● **Source records**:
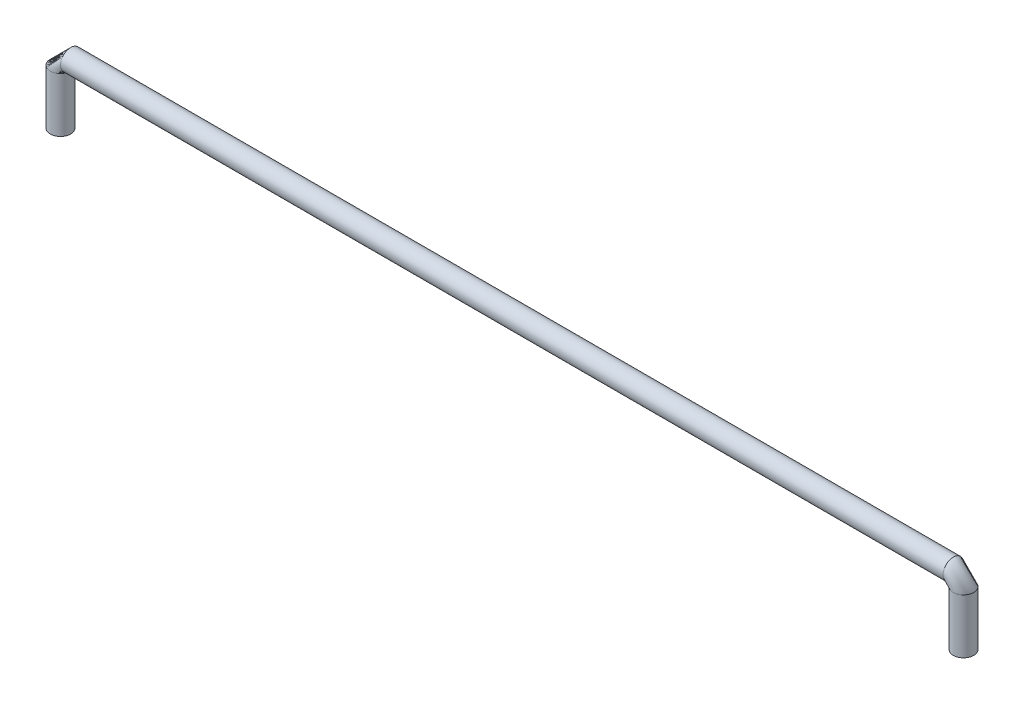
from build123d import *

# Parameters (mm, degrees)
SKETCH5_R = 1.524


with BuildPart() as part:
    # Sweep1: sweep along a path in Sketch1
    with BuildLine(Plane.XY) as sweep1_path:
        Line((-67.31, -9.652), (-67.31, -1.524))
        ThreePointArc((-67.31, -1.524), (-66.863630735, -0.446369265), (-65.786, 0))
        Line((-65.786, 0), (65.786, 0))
        ThreePointArc((65.786, 0), (66.863630735, -0.446369265), (67.31, -1.524))
        Line((67.31, -1.524), (67.31, -9.652))
    # Sketch5 → Sweep1 (sweep)
    with BuildSketch(Plane(origin=(0, -9.652, 0), x_dir=(-1, 0, 0), z_dir=(0, 1, 0))):
        with Locations((67.31, 0)):
            Circle(SKETCH5_R)
    sweep(path=sweep1_path.line)


solid = part.part
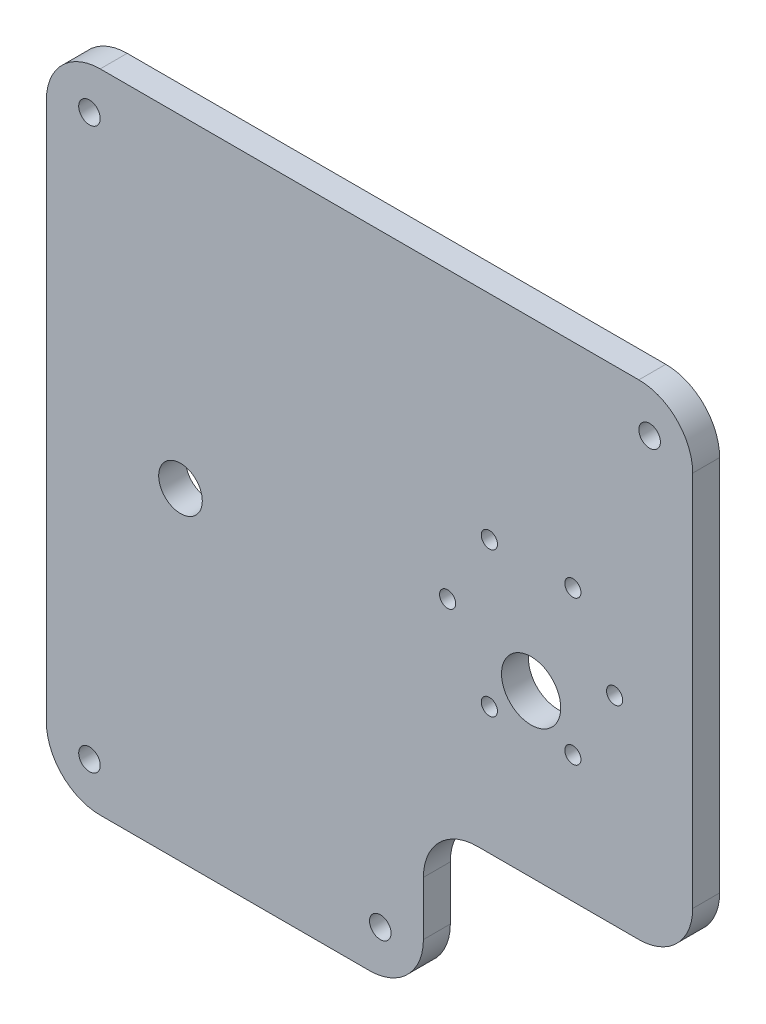
from build123d import *

# Parameters (mm, degrees)
SALIENTE_EXTRUIR1_DEPTH = 5
CROQUIS2_R              = 2
CROQUIS2_R_2            = 4.05
CROQUIS2_R_3            = 1.5
CROQUIS2_R_4            = 5.5
CORTAR_EXTRUIR1_DEPTH   = 10


with BuildPart() as part:
    # Croquis1 → Saliente-Extruir1 (new body)
    with BuildSketch(Plane.XY):
        with BuildLine():
            Line((110, 30), (80, 30))
            ThreePointArc((80, 30), (72.928932188, 27.071067812), (70, 20))
            Line((70, 20), (70, 10))
            ThreePointArc((70, 10), (67.071067812, 2.928932188), (60, 0))
            Line((60, 0), (10, 0))
            ThreePointArc((10, 0), (2.928932188, 2.928932188), (0, 10))
            Line((0, 10), (0, 110))
            ThreePointArc((0, 110), (2.928932188, 117.071067812), (10, 120))
            Line((10, 120), (110, 120))
            ThreePointArc((110, 120), (117.071067812, 117.071067812), (120, 110))
            Line((120, 110), (120, 40))
            ThreePointArc((120, 40), (117.071067812, 32.928932188), (110, 30))
        make_face()
    extrude(amount=SALIENTE_EXTRUIR1_DEPTH)

    # Croquis2 → Cortar-Extruir1 (cut)
    with BuildSketch(Plane.XY.offset(5)):
        with Locations((8, 112)):
            Circle(CROQUIS2_R)
        with Locations((8, 8)):
            Circle(CROQUIS2_R)
        with Locations((112, 8)):
            Circle(CROQUIS2_R)
        with Locations((112, 112)):
            Circle(CROQUIS2_R)
        with Locations((62, 8)):
            Circle(CROQUIS2_R)
        with Locations((24.9, 60)):
            Circle(CROQUIS2_R_2)
        with Locations((82.25, 80.423393759)):
            Circle(CROQUIS2_R_3)
        with Locations((97.75, 80.423393759)):
            Circle(CROQUIS2_R_3)
        with Locations((105.5, 67)):
            Circle(CROQUIS2_R_3)
        with Locations((97.75, 53.576606241)):
            Circle(CROQUIS2_R_3)
        with Locations((82.25, 53.576606241)):
            Circle(CROQUIS2_R_3)
        with Locations((74.5, 67)):
            Circle(CROQUIS2_R_3)
        with Locations((90, 60)):
            Circle(CROQUIS2_R_4)
    extrude(amount=-CORTAR_EXTRUIR1_DEPTH, mode=Mode.SUBTRACT)


solid = part.part
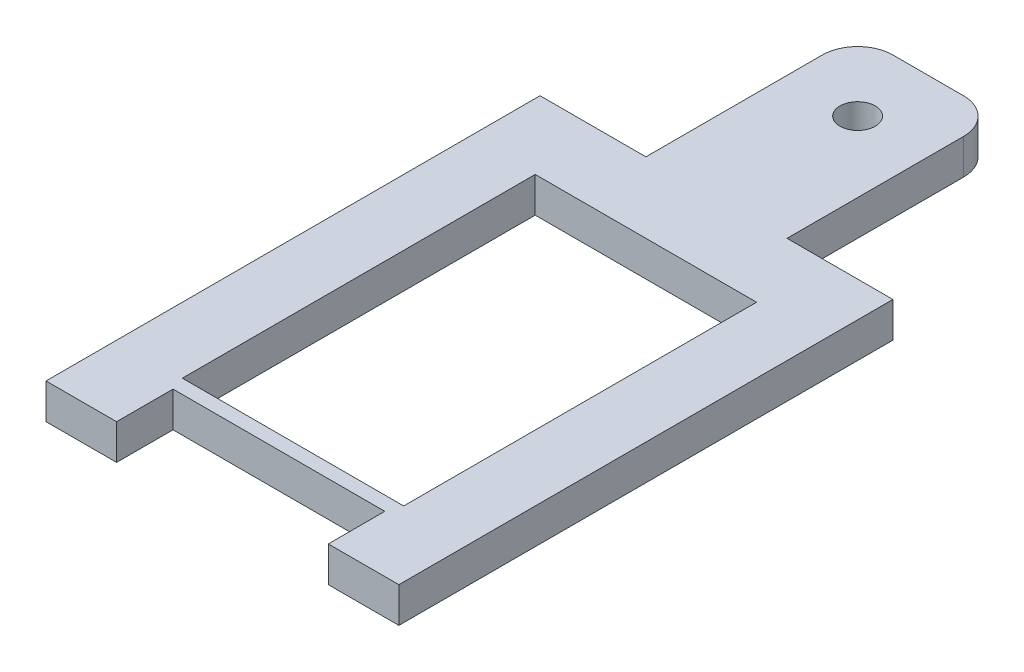
from build123d import *

# Parameters (mm, degrees)
SKETCH1_R           = 0.635
SKETCH1_W           = 7.96592112
SKETCH1_H           = 12.7
BOSS_EXTRUDE1_DEPTH = 1.27


with BuildPart() as part:
    # Sketch1 → Boss-Extrude1 (new body)
    with BuildSketch(Plane(origin=(0, 0, 0), x_dir=(1, 0, 0), z_dir=(0, 1, 0))):
        with BuildLine():
            Line((6.35, -8.89), (6.35, 8.89))
            Line((6.35, 8.89), (2.54, 8.89))
            Line((2.54, 8.89), (2.54, 15.24))
            ThreePointArc((2.54, 15.24), (2.168025612, 16.138025612), (1.27, 16.51))
            Line((1.27, 16.51), (-1.27, 16.51))
            ThreePointArc((-1.27, 16.51), (-2.168025612, 16.138025612), (-2.54, 15.24))
            Line((-2.54, 15.24), (-2.54, 8.89))
            Line((-2.54, 8.89), (-6.35, 8.89))
            Line((-6.35, 8.89), (-6.35, -8.89))
            Line((-6.35, -8.89), (-3.81, -8.89))
            Line((-3.81, -8.89), (-3.81, -6.858))
            Line((-3.81, -6.858), (3.81, -6.858))
            Line((3.81, -6.858), (3.81, -8.89))
            Line((3.81, -8.89), (6.35, -8.89))
        make_face()
        with Locations((0, 13.97)):
            Circle(SKETCH1_R, mode=Mode.SUBTRACT)
        Rectangle(SKETCH1_W, SKETCH1_H, mode=Mode.SUBTRACT)
    extrude(amount=BOSS_EXTRUDE1_DEPTH)


solid = part.part
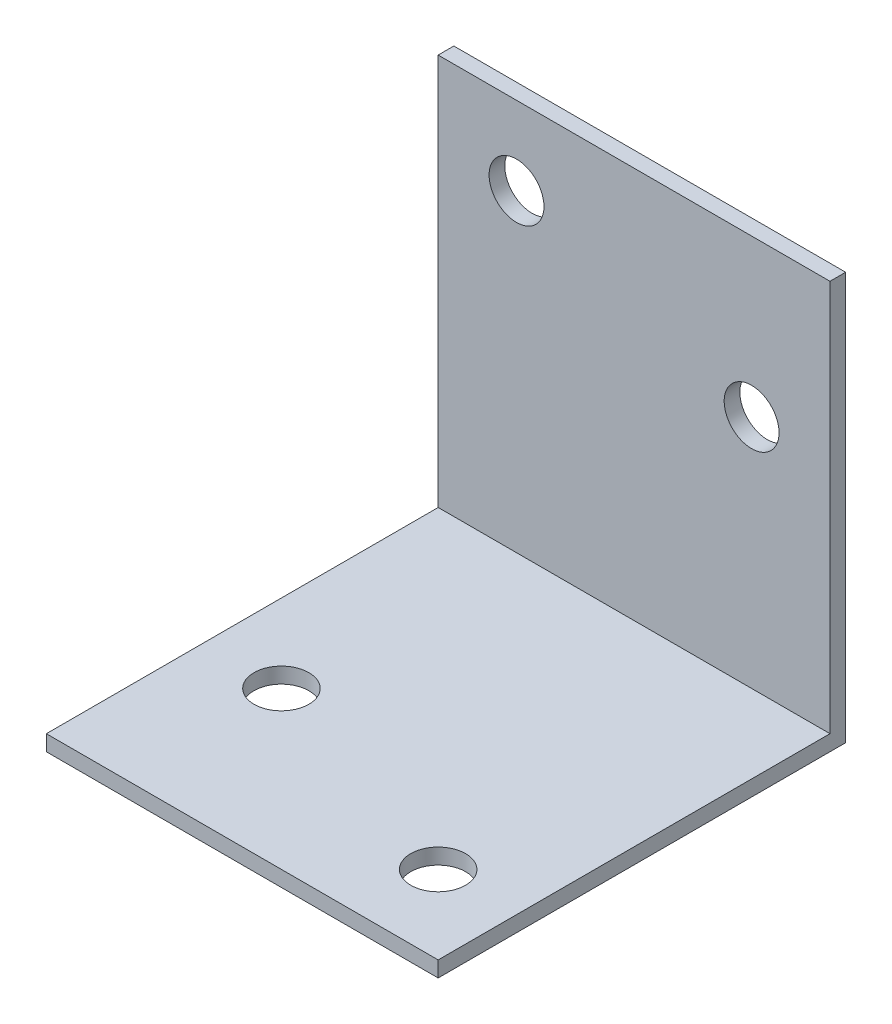
from build123d import *

# Parameters (mm, degrees)
SKETCH1_W           = 25
SKETCH1_H           = 25
SKETCH1_R           = 1.75
BOSS_EXTRUDE2_DEPTH = 1
SKETCH4_W           = 25
SKETCH4_H           = 26
SKETCH4_R           = 1.75
BOSS_EXTRUDE3_DEPTH = 1


with BuildPart() as part:
    # Sketch1 → Boss-Extrude2 (new body)
    with BuildSketch(Plane.XY):
        Rectangle(SKETCH1_W, SKETCH1_H)
        with Locations((7.5, 2.5)):
            Circle(SKETCH1_R, mode=Mode.SUBTRACT)
        with Locations((-7.5, 7.5)):
            Circle(SKETCH1_R, mode=Mode.SUBTRACT)
    extrude(amount=BOSS_EXTRUDE2_DEPTH)

    # Sketch4 → Boss-Extrude3 (add)
    with BuildSketch(Plane.XZ.offset(12.5)):
        with Locations((0, 13)):
            Rectangle(SKETCH4_W, SKETCH4_H)
        with Locations((7.5, 21)):
            Circle(SKETCH4_R, mode=Mode.SUBTRACT)
        with Locations((-7.5, 16)):
            Circle(SKETCH4_R, mode=Mode.SUBTRACT)
    extrude(amount=BOSS_EXTRUDE3_DEPTH)


solid = part.part
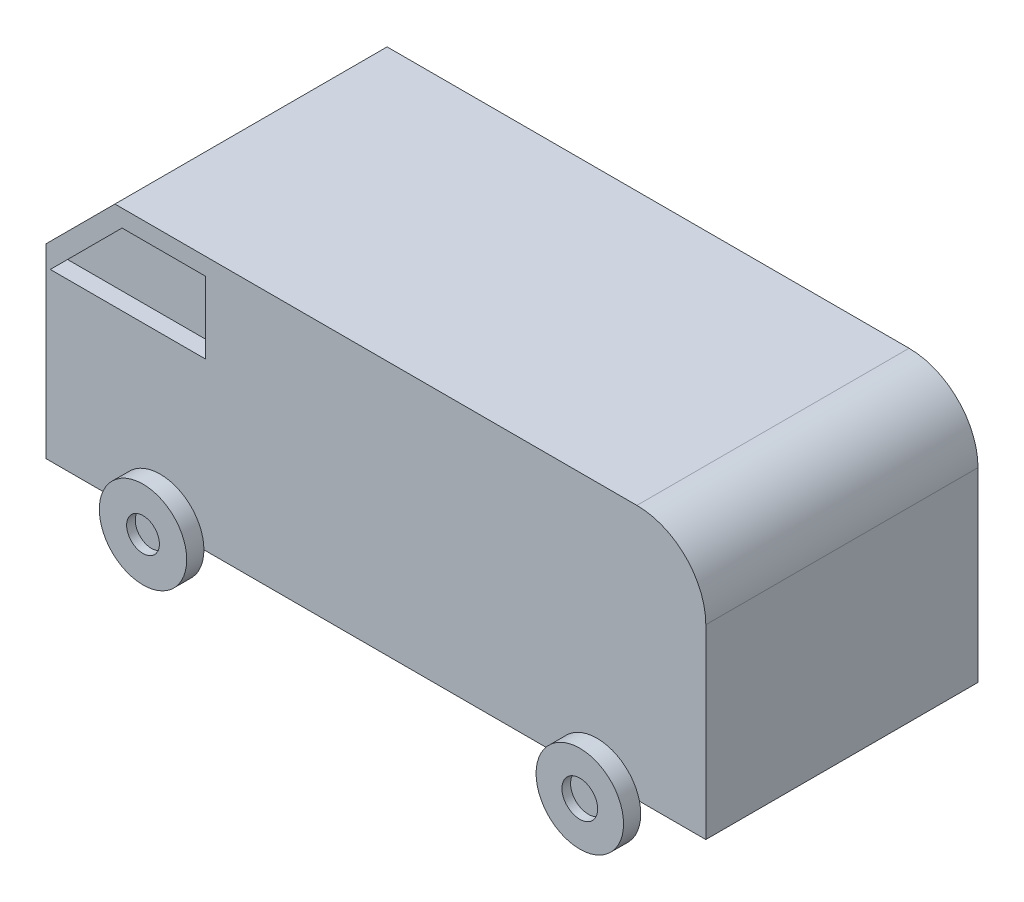
from build123d import *

# Parameters (mm, degrees)
SKETCH1_W           = 383
SKETCH1_H           = 158
BOSS_EXTRUDE1_DEPTH = 148
CHAMFER1_SIZE       = 40
FILLET2_R           = 40
CUT_EXTRUDE1_DEPTH  = 10
SKETCH3_R           = 25.359004934
SKETCH3_R_2         = 25.38354828
SKETCH3_R_3         = 0.078937569
BOSS_EXTRUDE2_DEPTH = 10
SKETCH4_R           = 25.379630878
SKETCH4_R_2         = 25.14023966
BOSS_EXTRUDE3_DEPTH = 10
SKETCH5_R           = 14.322762403
SKETCH5_R_2         = 16.232376453
BOSS_EXTRUDE4_DEPTH = 10
SKETCH6_R           = 9.520267446
SKETCH6_R_2         = 10.36710352
CUT_EXTRUDE3_DEPTH  = 5


with BuildPart() as part:
    # Sketch1 → Boss-Extrude1 (new body)
    with BuildSketch(Plane(origin=(0, 0, 0), x_dir=(1, 0, 0), z_dir=(0, 1, 0))):
        Rectangle(SKETCH1_W, SKETCH1_H)
    extrude(amount=BOSS_EXTRUDE1_DEPTH)

    # Chamfer1
    chamfer1_edges = [part.edges().sort_by_distance(p)[0] for p in [
        (-191.5, 148, 0),
    ]]
    chamfer(chamfer1_edges, length=CHAMFER1_SIZE)

    # Fillet2
    fillet2_edges = [part.edges().sort_by_distance(p)[0] for p in [
        (191.5, 148, 0),
    ]]
    fillet(fillet2_edges, radius=FILLET2_R)

    # Sketch2 → Cut-Extrude1 (cut)
    with BuildSketch(Plane.XY.offset(79)):
        Polygon((-98.997864376, 96.36), (-98.997864376, 138), (-147.357864376, 138), (-188.997864376, 96.36), align=None)
    extrude(amount=-CUT_EXTRUDE1_DEPTH, mode=Mode.SUBTRACT)

    # Sketch3 → Boss-Extrude2 (add)
    with BuildSketch(Plane.XY.offset(79)):
        with Locations((-125.190072904, 0)):
            Circle(SKETCH3_R)
        with Locations(Location((128.359085281, -6.01772291, 0), (0, 0, 166.286221503))):  # turned: the seam where the file's is
            Circle(SKETCH3_R_2)
        with Locations((121.138153371, 0)):
            Circle(SKETCH3_R_3, mode=Mode.SUBTRACT)
    extrude(amount=BOSS_EXTRUDE2_DEPTH)

    # Sketch4 → Boss-Extrude3 (add)
    with BuildSketch(Plane(origin=(0, 0, -79), x_dir=(-1, 0, 0), z_dir=(0, 0, -1))):
        with Locations((-132.542849772, 0)):
            Circle(SKETCH4_R)
        with Locations((116.282098448, 0)):
            Circle(SKETCH4_R_2)
    extrude(amount=BOSS_EXTRUDE3_DEPTH)

    # Sketch5 → Boss-Extrude4 (add)
    with BuildSketch(Plane.ZY.offset(191.5)):
        with Locations(Location((-53.71948852, 34.670472679, 0), (0, 0, 180))):  # turned: the seam where the file's is
            Circle(SKETCH5_R)
        with Locations(Location((30.280445708, 34.670472679, 0), (0, 0, 180))):  # turned: the seam where the file's is
            Circle(SKETCH5_R_2)
    extrude(amount=BOSS_EXTRUDE4_DEPTH)

    # Sketch6 → Cut-Extrude3 (cut)
    with BuildSketch(Plane.XY.offset(89)):
        with Locations((-125.190072904, 0)):
            Circle(SKETCH6_R)
        with Locations((128.359085281, -6.01772291)):
            Circle(SKETCH6_R_2)
    extrude(amount=-CUT_EXTRUDE3_DEPTH, mode=Mode.SUBTRACT)


solid = part.part

● **Action item**: Your answer must be an exact copy of the lines from the start of the entries through the line with "Line((-65.786, 0), (65.786, 0))", with no pictures.

● **Expected answer**:
from build123d import *

# Parameters (mm, degrees)
SKETCH5_R = 1.524


with BuildPart() as part:
    # Sweep1: sweep along a path in Sketch1
    with BuildLine(Plane.XY) as sweep1_path:
        Line((-67.31, -9.652), (-67.31, -1.524))
        ThreePointArc((-67.31, -1.524), (-66.863630735, -0.446369265), (-65.786, 0))
        Line((-65.786, 0), (65.786, 0))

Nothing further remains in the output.